I used to shoot a WB but I found all of the rumored problems (poor groups past 25yds, wear and tear on fletching) to be true. I switched to the trophy taker and it lays them right in there. I like the WB because of it's pracitcality, no more arrows swinging off the rest but I just wouldnt feel confident letting one go on an animal at 40+ yards.


----------



## cabowhunter (Apr 18, 2008)

I have WB on my compounds, no problems at all, I will go out 40-50 with the Truth2 or the Eagle, and get good groupings. I have just been using them forever, and never changed, I know there might be others out there that actually work better.


----------



## huntin1 (Nov 14, 2003)

DiscipleOfTheRifle said:


> I used to shoot a WB but I found all of the rumored problems (poor groups past 25yds, wear and tear on fletching) to be true. I switched to the trophy taker and it lays them right in there. I like the WB because of it's pracitcality, no more arrows swinging off the rest but I just wouldnt feel confident letting one go on an animal at 40+ yards.

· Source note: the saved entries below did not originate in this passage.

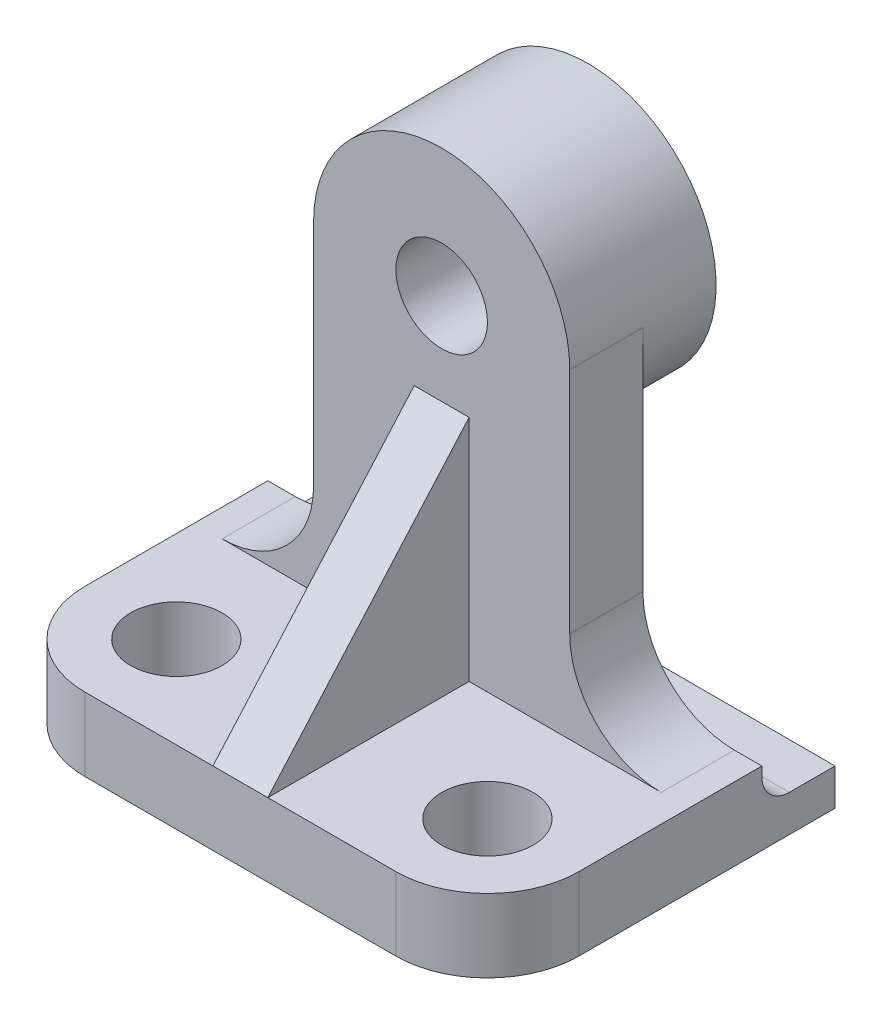
SolidWorks part; units mm, degrees
ref_plane "Ön Düzlem" through (0, 0, 0) normal (0, 0, 1) x (1, 0, 0)
ref_plane "Üst Düzlem" through (0, 0, 0) normal (0, 1, 0) x (1, 0, 0)
ref_plane "Sağ Düzlem" through (0, 0, 0) normal (1, 0, 0) x (0, 0, -1)
sketch "Sketch1" plane through (0, 0, 0) normal (1, 0, 0) x (0, 0, -1)
  line L0 (30, 8) -> (30, 7)
  line L1 (0, 0) -> (38, 0)
  line L2 (0, 0) -> (0, 8)
  line L3 (0, 8) -> (30, 8)
  line L4 (38, 0) -> (38, 4)
  line L5 (33, 4) -> (38, 4)
  arc A0 (30, 7) -> (33, 4) centre (33, 7) ccw
  point P10 (30, 4)
  dimension "D5" = 3
  dimension "D2" = 38
  dimension "D3" = 4
  dimension "D4" = 8
extrude "Boss-Extrude1" add sketch "Sketch1" against normal blind 54
fillet "Fillet1" radius 10 2 edges at (-54, 4, 0) (0, 4, 0)
sketch "Sketch2" plane through (0, 8, 0) normal (0, 1, 0) x (1, 0, 0)
  circle A0 centre (-44, 10) radius 5
  circle A1 centre (-10, 10) radius 5
  dimension "D1" = 10
extrude "Cut-Extrude1" cut sketch "Sketch2" against normal through all
sketch "Sketch3" plane through (0, 0, -30) normal (0, 0, -1) x (-1, 0, 0)
  line L0 (27, 8) -> (27, 43) construction
  line L1 (54, 8) -> (0, 8) construction
  line L2 (54, 0) -> (0, 0) construction
  line L3 (13, 43) -> (13, 8)
  line L4 (41, 43) -> (41, 8)
  line L5 (41, 8) -> (13, 8)
  circle A0 centre (27, 43) radius 14
  dimension "D2" = 28
  dimension "D1" = 43
extrude "Boss-Extrude2" add sketch "Sketch3" against normal blind 8
fillet "Fillet2" radius 10 2 edges at (-41, 8, -26) (-13, 8, -26)
sketch "Sketch4" plane through (0, 0, -30) normal (0, 0, -1) x (-1, 0, 0)
  circle A0 centre (27, 43) radius 14
extrude "Boss-Extrude3" add sketch "Sketch4" along normal blind 8
sketch "Sketch5" plane through (0, 0, -38) normal (0, 0, -1) x (-1, 0, 0)
  circle A0 centre (27, 43) radius 5
  dimension "D1" = 10
extrude "Cut-Extrude2" cut sketch "Sketch5" against normal through all
ref_plane "Plane1" through (-27, 0, 0) normal (1, 0, 0) x (0, 0, -1)
sketch "Sketch6" plane through (-27, 0, 0) normal (1, 0, 0) x (0, 0, -1)
  line L0 (0, 8) -> (22, 33)
  line L1 (22, 43) -> (22, 18) construction
  line L3 (22, 43) -> (30, 43) construction
  dimension "D1" = 10
rib "Rib1" sketch "Sketch6" sketch "Sketch6" thickness 6 extrusion direction parallel to sketch draft on no parameters "D1"=6
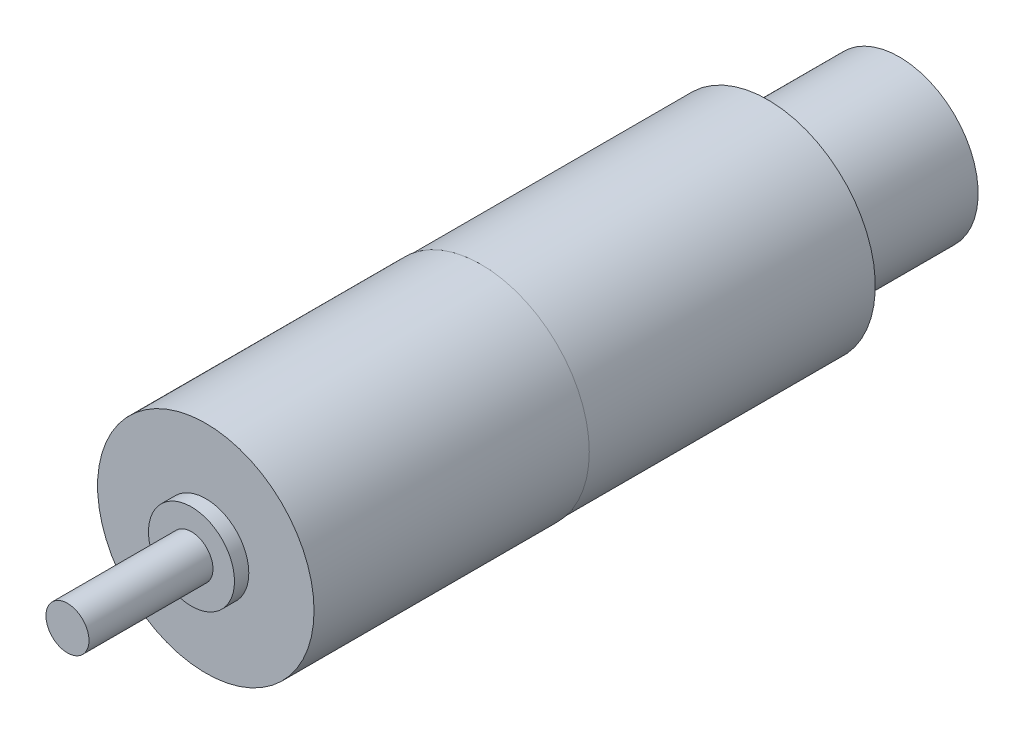
SolidWorks part; units mm, degrees
ref_plane "Front Plane" through (0, 0, 0) normal (0, 0, 1) x (1, 0, 0)
ref_plane "Top Plane" through (0, 0, 0) normal (0, 1, 0) x (1, 0, 0)
ref_plane "Right Plane" through (0, 0, 0) normal (1, 0, 0) x (0, 0, -1)
sketch "Sketch1" plane through (0, 0, 0) normal (0, 0, 1) x (1, 0, 0)
  circle A0 centre (0, 0) radius 15.1
extrude "Boss-Extrude1" add sketch "Sketch1" along normal blind 38.4 contours A0
sketch "Sketch2" plane through (0, 0, 0) normal (0, 0, -1) x (-1, 0, 0)
  circle A0 centre (0, 0) radius 15
extrude "Boss-Extrude2" add sketch "Sketch2" along normal blind 40 separate body
sketch "Sketch3" plane through (0, 0, 38.4) normal (0, 0, 1) x (1, 0, 0)
  circle A0 centre (0, 0) radius 6
extrude "Boss-Extrude3" add sketch "Sketch3" along normal blind 2 contours A0
sketch "Sketch4" plane through (0, 0, -40) normal (0, 0, -1) x (-1, 0, 0)
  circle A0 centre (0, 0) radius 11
extrude "Boss-Extrude4" add sketch "Sketch4" along normal blind 18.35 separate body contours A0
sketch "Sketch5" plane through (0, 0, 40.4) normal (0, 0, 1) x (1, 0, 0)
  circle A0 centre (0, 0) radius 3
extrude "Boss-Extrude5" add sketch "Sketch5" along normal blind 17.3 separate body contours A0

Poor groups eh, you sure it's the rest, or maybe the shooter. Here's a video for you:






I will agree that shots on animals this far away is probably not a good idea, but it ain't because the WB is not accurate enough.

huntin1


----------



## goosehunter20 (Oct 19, 2006)

I have one on my bow and I think it works great


----------



## AlpineArcher24 (Mar 1, 2008)

I love not worrying about my arrow falling off my rest when that moment approaches.


----------



## Scott Schuchard (Nov 23, 2002)

http://www.qadinc.com/c-5-.aspx The HD is my choice


----------